I wish I had more motivation to go after european platforms, the ZX sounds like a cool platform to experiment on. Having to deal with monochromatic color clash is pretty unique.
If an NES or C64 veteran were to experiment with the ZX Spectrum for the first time, he would first have to spend time wrapping his head around the Z80.Punch wrote:ZX sounds like a cool platform to experiment on.
In subroutines in 6502 games that move an object of a particular type, I've often needed random access to the fields of an object. Say field 5 of a particular object is its health.
- Read field 5 of the object with array index X in struct-of-arrays (6502, C64)
lda object_health,x: 4 cycles, 3.9 μs
- Read field 5 of the object pointed by A0 in array-of-structs (68000, Amiga)
move.w 10(a0),d0: 12 cycles, 1.7 μs
- Read field 5 of the object pointed by IX in array-of-structs (Z80, ZX Spectrum)
ld a,(ix+5): 19 cycles, 5.4 μs
Some 8080-family coders suggest organizing data for a single-instruction, multiple-data (SIMD) approach that steps through two arrays at a time using DE and HL. For example, a program would update object positions in four passes: add horizontal acceleration to horizontal velocity of all objects, then add horizontal velocity to horizontal position of all objects, then add vertical acceleration to vertical velocity of all objects, then add vertical velocity to vertical position of all objects. Pixel shaders on modern graphics programs work similarly. But that doesn't work so well when a particular operation needs to be performed only on particular types of object or only in certain circumstances, which is often the case for enemy AI code that has to determine the accelerations for each object based on collision response, displacement to the player object, and other factors.
If I have asked before, and I am asking again, it's because when I did get an answer, it was one that I couldn't understand how to apply. Hence "wrapping my head around the Z80". Would basic questions like this be better received in a forum organized around a particular platform using an 8080 family CPU, such as Spectrum Computing (or, in the case of other platforms, SMS Power or gbdev.gg8.se)?
- Formerly WheelInventor
- Posts: 2032
- Joined: Thu Apr 14, 2016 2:55 am
- Location: Gothenburg, Sweden
When comparing C64 with Z80 systems like Spectrum or CPC, I would say that Z80 is a good bit faster. Parts because it's having more register & requires less memory accesses, and parts because it's having 16bit load/store/add/inc/dec instructions. The drawback is that Spectrum and CPC need to do sprite rendering by software.
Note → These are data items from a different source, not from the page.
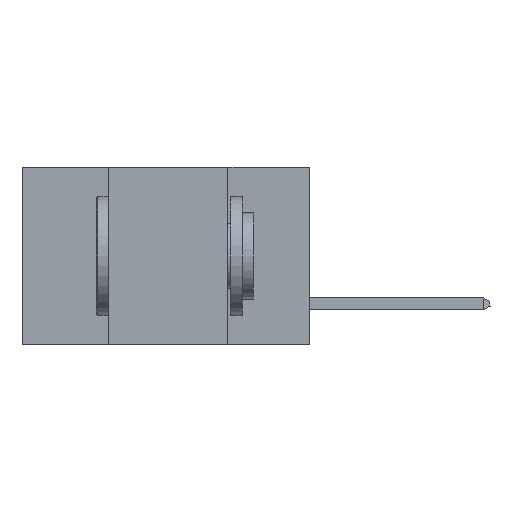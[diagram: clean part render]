
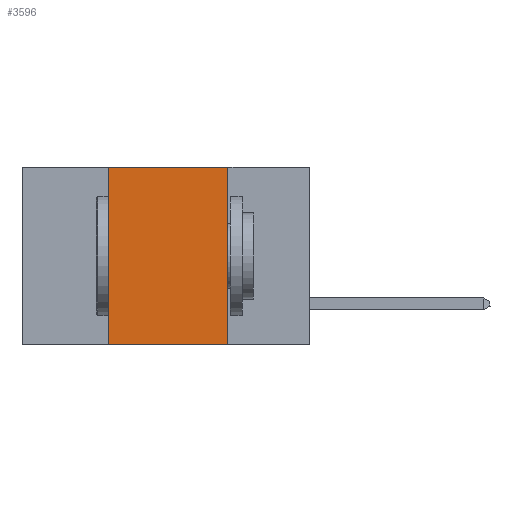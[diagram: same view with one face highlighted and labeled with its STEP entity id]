
A CAD part, left-side view. The second image highlights one B-rep face of the part: STEP entity #3596.
In plain terms, the highlighted planar face has unit normal (-1, 0, 0).
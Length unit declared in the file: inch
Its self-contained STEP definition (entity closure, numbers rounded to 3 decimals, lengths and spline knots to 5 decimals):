
#446 = VERTEX_POINT ( 'NONE', #2915 ) ;
#740 = EDGE_LOOP ( 'NONE', ( #4997, #14086, #14159, #7280 ) ) ;
#756 = CARTESIAN_POINT ( 'NONE',  ( 0., 0.17, -0.37 ) ) ;
#1323 = LINE ( 'NONE', #20055, #18318 ) ;
#1584 = DIRECTION ( 'NONE',  ( 0., 0., -1. ) ) ;
#2090 = DIRECTION ( 'NONE',  ( 0., -1., 0. ) ) ;
#2853 = LINE ( 'NONE', #9762, #4392 ) ;
#2915 = CARTESIAN_POINT ( 'NONE',  ( 0., 0.17, 0. ) ) ;
#3287 = AXIS2_PLACEMENT_3D ( 'NONE', #13285, #14889, #1584 ) ;
#3596 = ADVANCED_FACE ( 'NONE', ( #8141 ), #4942, .F. ) ;
#4336 = CARTESIAN_POINT ( 'NONE',  ( 0., 0.42, 0. ) ) ;
#4392 = VECTOR ( 'NONE', #19498, 39.37008 ) ;
#4485 = DIRECTION ( 'NONE',  ( 0., 0., 1. ) ) ;
#4649 = EDGE_CURVE ( 'NONE', #19857, #446, #1323, .T. ) ;
#4942 = PLANE ( 'NONE',  #3287 ) ;
#4997 = ORIENTED_EDGE ( 'NONE', *, *, #19792, .F. ) ;
#5395 = DIRECTION ( 'NONE',  ( 0., -1., 0. ) ) ;
#7280 = ORIENTED_EDGE ( 'NONE', *, *, #17734, .T. ) ;
#8141 = FACE_OUTER_BOUND ( 'NONE', #740, .T. ) ;
#9762 = CARTESIAN_POINT ( 'NONE',  ( 0., 0.17, 0. ) ) ;
#11990 = EDGE_CURVE ( 'NONE', #16057, #19857, #16857, .T. ) ;
#12261 = CARTESIAN_POINT ( 'NONE',  ( 0., 0.42, -0.37 ) ) ;
#13285 = CARTESIAN_POINT ( 'NONE',  ( 0., 0.6, 0. ) ) ;
#13613 = CARTESIAN_POINT ( 'NONE',  ( 0., 0.6, -0.37 ) ) ;
#14086 = ORIENTED_EDGE ( 'NONE', *, *, #4649, .F. ) ;
#14159 = ORIENTED_EDGE ( 'NONE', *, *, #11990, .F. ) ;
#14783 = VERTEX_POINT ( 'NONE', #756 ) ;
#14889 = DIRECTION ( 'NONE',  ( 1., 0., 0. ) ) ;
#16057 = VERTEX_POINT ( 'NONE', #12261 ) ;
#16857 = LINE ( 'NONE', #4336, #17621 ) ;
#16866 = VECTOR ( 'NONE', #5395, 39.37008 ) ;
#17621 = VECTOR ( 'NONE', #4485, 39.37008 ) ;
#17734 = EDGE_CURVE ( 'NONE', #16057, #14783, #21205, .T. ) ;
#18318 = VECTOR ( 'NONE', #2090, 39.37008 ) ;
#19498 = DIRECTION ( 'NONE',  ( 0., 0., -1. ) ) ;
#19792 = EDGE_CURVE ( 'NONE', #446, #14783, #2853, .T. ) ;
#19857 = VERTEX_POINT ( 'NONE', #21124 ) ;
#20055 = CARTESIAN_POINT ( 'NONE',  ( 0., 0.6, 0. ) ) ;
#21124 = CARTESIAN_POINT ( 'NONE',  ( 0., 0.42, 0. ) ) ;
#21205 = LINE ( 'NONE', #13613, #16866 ) ;

Yeah, I've spotted that 2-dimensional array indexing trick via H and L in several CPC games. It's somewhat cool, but it's also a bit messy, and INC H isn't that much faster than using ADD HL for switching to the next array entry, so, in most cases I've "cleaned up" the code and removed that technique after disassembling the game.
Btw. I was always believing that it's been a 6502 technique that had crept into Z80 world when people ported C64 games to CPC. I haven't checked if the original C64 code had used the same method, but it would make more sense there (since the 6502 can't easily do something like ADD HL for incrementing 16bit array indices).
There are a few more cases where one case "see" that many Z80 games came from C64, like cases where the C64 needed a handful of opcodes to do some operation, and the programmer blindly reproduced that code - although the Z80 could do the same thing using only a single opcode.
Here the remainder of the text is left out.